İşte bunlardan bir kaçı;
''Yüksek makamların şunun bunun aracılığı ile verilmesi doğru değildir. En bilgilisi hangisi ise ona verilmek gerektir... Bir cahilin, sırf eskidir-kıdemlidir diye bir bilgilinin önüne geçmesi haksızlıktır. Bilgi ve dirayeti olunca, genç de olsa zarar vermez. Yaşlı ile genç, bilgi ile marifette eşit olunca yaşlının önüne geçmesi daha doğrudur. Amma bilgi ve marifetten yoksun olunca 1000 yaşında da olsa halka faydası olmaz. Ve hakkı yanlıştan ayıramaz.''
***
Can Aktan, Siyasal yozlaşmaların sebeplerini sıralarken bir nevi topluma karşı Koçi Bey’in rolünü üstlenir. Seçmenler, kamusal mal ve hizmetlerden elde edecekleri faydayı, Siyasal partiler yeniden seçilebilmeyi garantilemek için oylarını, Bürokrasi, makam, saygınlık vb. imkânları koruyabilmek için bütçeyi, Çıkar ve baskı grupları da devletten elde edecekleri rant’ı büyütmeyi düşünürler.
***
Aşağıda genel olarak siyasal yozlaşmaların ortaya çıkmasında etkili olan faktörler özetlenmektedir.(dipnot 1.)
1. Toplumsal değişim süreci ve modernleşme.
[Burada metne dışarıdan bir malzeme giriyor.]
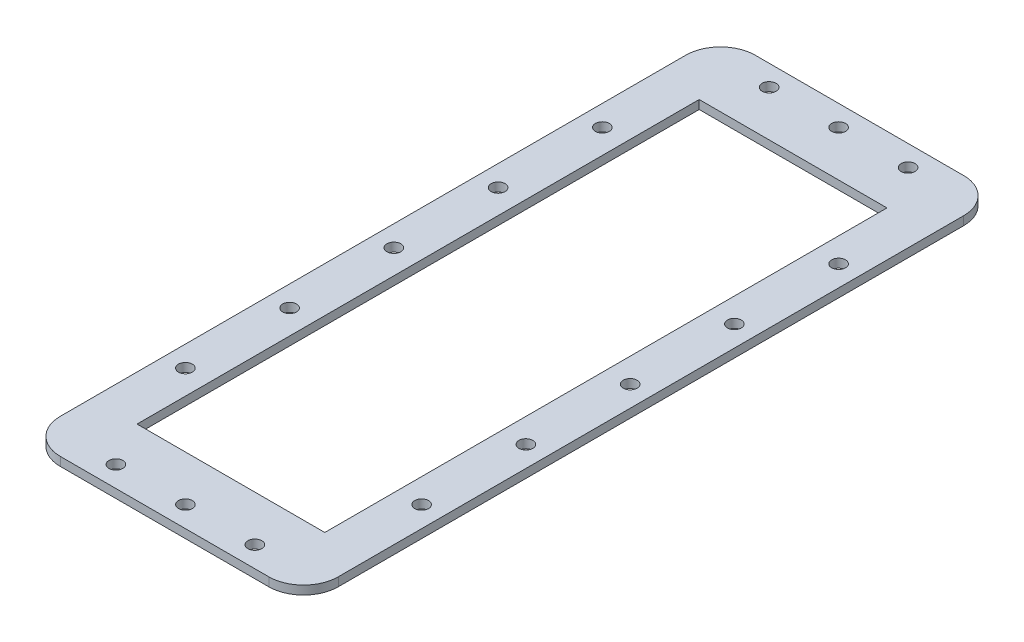
ISO-10303-21;
HEADER;
FILE_DESCRIPTION(('STEP AP214'),'2;1');
FILE_NAME('part.step','',(''),(''),'','','');
FILE_SCHEMA(('AUTOMOTIVE_DESIGN { 1 0 10303 214 1 1 1 1 }'));
ENDSEC;
DATA;
#1=APPLICATION_CONTEXT('core data for automotive mechanical design processes');
#2=APPLICATION_PROTOCOL_DEFINITION('international standard','automotive_design',2000,#1);
#3=PRODUCT_CONTEXT('',#1,'mechanical');
#4=PRODUCT('Part','Part','',(#3));
#5=PRODUCT_RELATED_PRODUCT_CATEGORY('part','',(#4));
#6=PRODUCT_DEFINITION_FORMATION('','',#4);
#7=PRODUCT_DEFINITION_CONTEXT('part definition',#1,'design');
#8=PRODUCT_DEFINITION('design','',#6,#7);
#9=PRODUCT_DEFINITION_SHAPE('','',#8);
#10=(LENGTH_UNIT() NAMED_UNIT(*) SI_UNIT(.MILLI.,.METRE.));
#11=(NAMED_UNIT(*) PLANE_ANGLE_UNIT() SI_UNIT($,.RADIAN.));
#12=(NAMED_UNIT(*) SI_UNIT($,.STERADIAN.) SOLID_ANGLE_UNIT());
#13=UNCERTAINTY_MEASURE_WITH_UNIT(LENGTH_MEASURE(1.E-05),#10,'distance_accuracy_value','');
#14=(GEOMETRIC_REPRESENTATION_CONTEXT(3) GLOBAL_UNCERTAINTY_ASSIGNED_CONTEXT((#13)) GLOBAL_UNIT_ASSIGNED_CONTEXT((#10,
#11,#12)) REPRESENTATION_CONTEXT('',''));
#15=CARTESIAN_POINT('',(0.,0.,0.));
#16=DIRECTION('',(0.,0.,1.));
#17=DIRECTION('',(1.,0.,0.));
#18=AXIS2_PLACEMENT_3D('',#15,#16,#17);
#19=CARTESIAN_POINT('',(-30.6996276411229,3.175,-42.9503076219948));
#20=DIRECTION('',(1.,0.,0.));
#21=DIRECTION('',(0.,0.,-1.));
#22=AXIS2_PLACEMENT_3D('',#19,#20,#21);
#23=PLANE('',#22);
#24=DIRECTION('',(0.,0.,1.));
#25=VECTOR('',#24,1.);
#26=CARTESIAN_POINT('',(-30.6996276411229,0.,-42.9503076219948));
#27=LINE('',#26,#25);
#28=CARTESIAN_POINT('',(-30.6996276411229,0.,-30.2503076219948));
#29=VERTEX_POINT('',#28);
#30=CARTESIAN_POINT('',(-30.6996276411228,0.,198.349692378005));
#31=VERTEX_POINT('',#30);
#32=EDGE_CURVE('E252',#29,#31,#27,.T.);
#33=ORIENTED_EDGE('',*,*,#32,.T.);
#34=DIRECTION('',(0.,-1.,0.));
#35=VECTOR('',#34,1.);
#36=CARTESIAN_POINT('',(-30.6996276411228,3.175,198.349692378005));
#37=LINE('',#36,#35);
#38=CARTESIAN_POINT('',(-30.6996276411228,3.175,198.349692378005));
#39=VERTEX_POINT('',#38);
#40=EDGE_CURVE('E294',#31,#39,#37,.F.);
#41=ORIENTED_EDGE('',*,*,#40,.T.);
#42=DIRECTION('',(0.,0.,1.));
#43=VECTOR('',#42,1.);
#44=CARTESIAN_POINT('',(-30.6996276411229,3.175,-42.9503076219948));
#45=LINE('',#44,#43);
#46=CARTESIAN_POINT('',(-30.6996276411229,3.175,-30.2503076219948));
#47=VERTEX_POINT('',#46);
#48=EDGE_CURVE('E255',#47,#39,#45,.T.);
#49=ORIENTED_EDGE('',*,*,#48,.F.);
#50=DIRECTION('',(0.,-1.,0.));
#51=VECTOR('',#50,1.);
#52=CARTESIAN_POINT('',(-30.6996276411229,3.175,-30.2503076219948));
#53=LINE('',#52,#51);
#54=EDGE_CURVE('E291',#47,#29,#53,.T.);
#55=ORIENTED_EDGE('',*,*,#54,.T.);
#56=EDGE_LOOP('',(#33,#41,#49,#55));
#57=FACE_BOUND('',#56,.T.);
#58=ADVANCED_FACE('F33',(#57),#23,.F.);
#59=CARTESIAN_POINT('',(-30.6996276411228,3.175,211.049692378005));
#60=DIRECTION('',(0.,0.,-1.));
#61=DIRECTION('',(-1.,0.,0.));
#62=AXIS2_PLACEMENT_3D('',#59,#60,#61);
#63=PLANE('',#62);
#64=DIRECTION('',(1.,0.,0.));
#65=VECTOR('',#64,1.);
#66=CARTESIAN_POINT('',(-30.6996276411228,3.175,211.049692378005));
#67=LINE('',#66,#65);
#68=CARTESIAN_POINT('',(-17.9996276411228,3.175,211.049692378005));
#69=VERTEX_POINT('',#68);
#70=CARTESIAN_POINT('',(58.2003723588771,3.175,211.049692378005));
#71=VERTEX_POINT('',#70);
#72=EDGE_CURVE('E258',#69,#71,#67,.T.);
#73=ORIENTED_EDGE('',*,*,#72,.F.);
#74=DIRECTION('',(0.,-1.,0.));
#75=VECTOR('',#74,1.);
#76=CARTESIAN_POINT('',(-17.9996276411228,3.175,211.049692378005));
#77=LINE('',#76,#75);
#78=CARTESIAN_POINT('',(-17.9996276411228,0.,211.049692378005));
#79=VERTEX_POINT('',#78);
#80=EDGE_CURVE('E280',#69,#79,#77,.T.);
#81=ORIENTED_EDGE('',*,*,#80,.T.);
#82=DIRECTION('',(1.,0.,0.));
#83=VECTOR('',#82,1.);
#84=CARTESIAN_POINT('',(-30.6996276411228,0.,211.049692378005));
#85=LINE('',#84,#83);
#86=CARTESIAN_POINT('',(58.2003723588771,0.,211.049692378005));
#87=VERTEX_POINT('',#86);
#88=EDGE_CURVE('E271',#79,#87,#85,.T.);
#89=ORIENTED_EDGE('',*,*,#88,.T.);
#90=DIRECTION('',(0.,-1.,0.));
#91=VECTOR('',#90,1.);
#92=CARTESIAN_POINT('',(58.2003723588771,3.175,211.049692378005));
#93=LINE('',#92,#91);
#94=EDGE_CURVE('E268',#87,#71,#93,.F.);
#95=ORIENTED_EDGE('',*,*,#94,.T.);
#96=EDGE_LOOP('',(#73,#81,#89,#95));
#97=FACE_BOUND('',#96,.T.);
#98=ADVANCED_FACE('F332',(#97),#63,.F.);
#99=CARTESIAN_POINT('',(70.9003723588771,3.175,-42.9503076219948));
#100=DIRECTION('',(-1.,0.,0.));
#101=DIRECTION('',(0.,0.,1.));
#102=AXIS2_PLACEMENT_3D('',#99,#100,#101);
#103=PLANE('',#102);
#104=DIRECTION('',(0.,0.,-1.));
#105=VECTOR('',#104,1.);
#106=CARTESIAN_POINT('',(70.9003723588771,3.175,-42.9503076219948));
#107=LINE('',#106,#105);
#108=CARTESIAN_POINT('',(70.9003723588771,3.175,198.349692378005));
#109=VERTEX_POINT('',#108);
#110=CARTESIAN_POINT('',(70.9003723588771,3.175,-30.2503076219948));
#111=VERTEX_POINT('',#110);
#112=EDGE_CURVE('E262',#109,#111,#107,.T.);
#113=ORIENTED_EDGE('',*,*,#112,.F.);
#114=DIRECTION('',(0.,-1.,0.));
#115=VECTOR('',#114,1.);
#116=CARTESIAN_POINT('',(70.9003723588771,3.175,198.349692378005));
#117=LINE('',#116,#115);
#118=CARTESIAN_POINT('',(70.9003723588771,0.,198.349692378005));
#119=VERTEX_POINT('',#118);
#120=EDGE_CURVE('E306',#109,#119,#117,.T.);
#121=ORIENTED_EDGE('',*,*,#120,.T.);
#122=DIRECTION('',(0.,0.,-1.));
#123=VECTOR('',#122,1.);
#124=CARTESIAN_POINT('',(70.9003723588771,0.,-42.9503076219948));
#125=LINE('',#124,#123);
#126=CARTESIAN_POINT('',(70.9003723588771,0.,-30.2503076219948));
#127=VERTEX_POINT('',#126);
#128=EDGE_CURVE('E274',#119,#127,#125,.T.);
#129=ORIENTED_EDGE('',*,*,#128,.T.);
#130=DIRECTION('',(0.,-1.,0.));
#131=VECTOR('',#130,1.);
#132=CARTESIAN_POINT('',(70.9003723588771,3.175,-30.2503076219948));
#133=LINE('',#132,#131);
#134=EDGE_CURVE('E304',#127,#111,#133,.F.);
#135=ORIENTED_EDGE('',*,*,#134,.T.);
#136=EDGE_LOOP('',(#113,#121,#129,#135));
#137=FACE_BOUND('',#136,.T.);
#138=ADVANCED_FACE('F341',(#137),#103,.F.);
#139=CARTESIAN_POINT('',(-30.6996276411229,3.175,-42.9503076219948));
#140=DIRECTION('',(0.,0.,1.));
#141=DIRECTION('',(1.,0.,0.));
#142=AXIS2_PLACEMENT_3D('',#139,#140,#141);
#143=PLANE('',#142);
#144=DIRECTION('',(-1.,0.,0.));
#145=VECTOR('',#144,1.);
#146=CARTESIAN_POINT('',(-30.6996276411229,3.175,-42.9503076219948));
#147=LINE('',#146,#145);
#148=CARTESIAN_POINT('',(58.2003723588771,3.175,-42.9503076219948));
#149=VERTEX_POINT('',#148);
#150=CARTESIAN_POINT('',(-17.9996276411229,3.175,-42.9503076219948));
#151=VERTEX_POINT('',#150);
#152=EDGE_CURVE('E265',#149,#151,#147,.T.);
#153=ORIENTED_EDGE('',*,*,#152,.F.);
#154=DIRECTION('',(0.,-1.,0.));
#155=VECTOR('',#154,1.);
#156=CARTESIAN_POINT('',(58.2003723588771,3.175,-42.9503076219948));
#157=LINE('',#156,#155);
#158=CARTESIAN_POINT('',(58.2003723588771,0.,-42.9503076219948));
#159=VERTEX_POINT('',#158);
#160=EDGE_CURVE('E11',#149,#159,#157,.T.);
#161=ORIENTED_EDGE('',*,*,#160,.T.);
#162=DIRECTION('',(-1.,0.,0.));
#163=VECTOR('',#162,1.);
#164=CARTESIAN_POINT('',(-30.6996276411229,0.,-42.9503076219948));
#165=LINE('',#164,#163);
#166=CARTESIAN_POINT('',(-17.9996276411229,0.,-42.9503076219948));
#167=VERTEX_POINT('',#166);
#168=EDGE_CURVE('E259',#159,#167,#165,.T.);
#169=ORIENTED_EDGE('',*,*,#168,.T.);
#170=DIRECTION('',(0.,-1.,0.));
#171=VECTOR('',#170,1.);
#172=CARTESIAN_POINT('',(-17.9996276411229,3.175,-42.9503076219948));
#173=LINE('',#172,#171);
#174=EDGE_CURVE('E41',#167,#151,#173,.F.);
#175=ORIENTED_EDGE('',*,*,#174,.T.);
#176=EDGE_LOOP('',(#153,#161,#169,#175));
#177=FACE_BOUND('',#176,.T.);
#178=ADVANCED_FACE('F311',(#177),#143,.F.);
#179=CARTESIAN_POINT('',(0.,3.175,0.));
#180=DIRECTION('',(0.,1.,0.));
#181=DIRECTION('',(0.,0.,1.));
#182=AXIS2_PLACEMENT_3D('',#179,#180,#181);
#183=PLANE('',#182);
#184=DIRECTION('',(0.,0.,-1.));
#185=VECTOR('',#184,1.);
#186=CARTESIAN_POINT('',(54.4160809992935,3.175,-18.6854897672288));
#187=LINE('',#186,#185);
#188=CARTESIAN_POINT('',(54.4160809992935,3.175,186.784874523239));
#189=VERTEX_POINT('',#188);
#190=CARTESIAN_POINT('',(54.4160809992935,3.175,-18.6854897672288));
#191=VERTEX_POINT('',#190);
#192=EDGE_CURVE('E48',#189,#191,#187,.T.);
#193=ORIENTED_EDGE('',*,*,#192,.F.);
#194=DIRECTION('',(1.,0.,0.));
#195=VECTOR('',#194,1.);
#196=CARTESIAN_POINT('',(-14.2153362815392,3.175,186.784874523239));
#197=LINE('',#196,#195);
#198=CARTESIAN_POINT('',(-14.2153362815392,3.175,186.784874523239));
#199=VERTEX_POINT('',#198);
#200=EDGE_CURVE('E140',#199,#189,#197,.T.);
#201=ORIENTED_EDGE('',*,*,#200,.F.);
#202=DIRECTION('',(0.,0.,1.));
#203=VECTOR('',#202,1.);
#204=CARTESIAN_POINT('',(-14.2153362815392,3.175,-18.6854897672288));
#205=LINE('',#204,#203);
#206=CARTESIAN_POINT('',(-14.2153362815392,3.175,-18.6854897672288));
#207=VERTEX_POINT('',#206);
#208=EDGE_CURVE('E143',#207,#199,#205,.T.);
#209=ORIENTED_EDGE('',*,*,#208,.F.);
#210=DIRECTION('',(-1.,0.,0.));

Modernleşme, toplumun her kesiminde hızlı bir değişmeyi içermektedir. Siyasal kurumlar ve kurallar (kanunlar, yönetmelikler vb.) sürekli olarak değişmekte ve sistemin biçimsel kontrol yapılarında boşluklar meydana gelmektedir. Dolayısıyla siyasal karar alma sürecinde rol alan aktörler bu boşluklardan yararlanmayı fırsat bilmektedirler.
2. Kamu görevlilerinin maaşlarının yaşamlarını idame ettirmeye yetmeyecek düzeyde olması.
Rüşvet, irtikâp, zimmet ve ihtilas şeklindeki siyasal yozlaşmaları arttırabilir.
3. Bir toplumda eğitim ve kültür düzeyinin düşük olması.
Esasen siyasal yozlaşma gelişmiş ülkelerden ziyade özellikle az gelişmiş ülkelerde daha fazladır. Az gelişmiş ülke insanının değer yargıları gelenekseldir.Bağımlılık ilişkileri yaygındır. Çalışma ve başarıdan çok, yakınlık, ailebağları, eş dost, hemşehrilik gibi geleneksel bağlar ekonomik kriterlerden önde gelmektedir. İnsanları çalışmaya ve başarıya yöneltici motivasyonlar daha zayıftır. Aksine fırsatçı ve spekülatif kazanç yollarına eğilim fazladır.
4. Bir ülkenin hukuk sistemindeki belirsizlik ve boşluklar.
Yasalarda açık bir şekilde cezalandırılmayan veyahut ta yasada yer almakla birlikte cezai müeyyidesi suçu caydırıcı nitelikte olmayan siyasal yozlaşma türleri yaygınlık gösterebilir.
5. Gelir ve servet dağılımındaki eşitsizlikler.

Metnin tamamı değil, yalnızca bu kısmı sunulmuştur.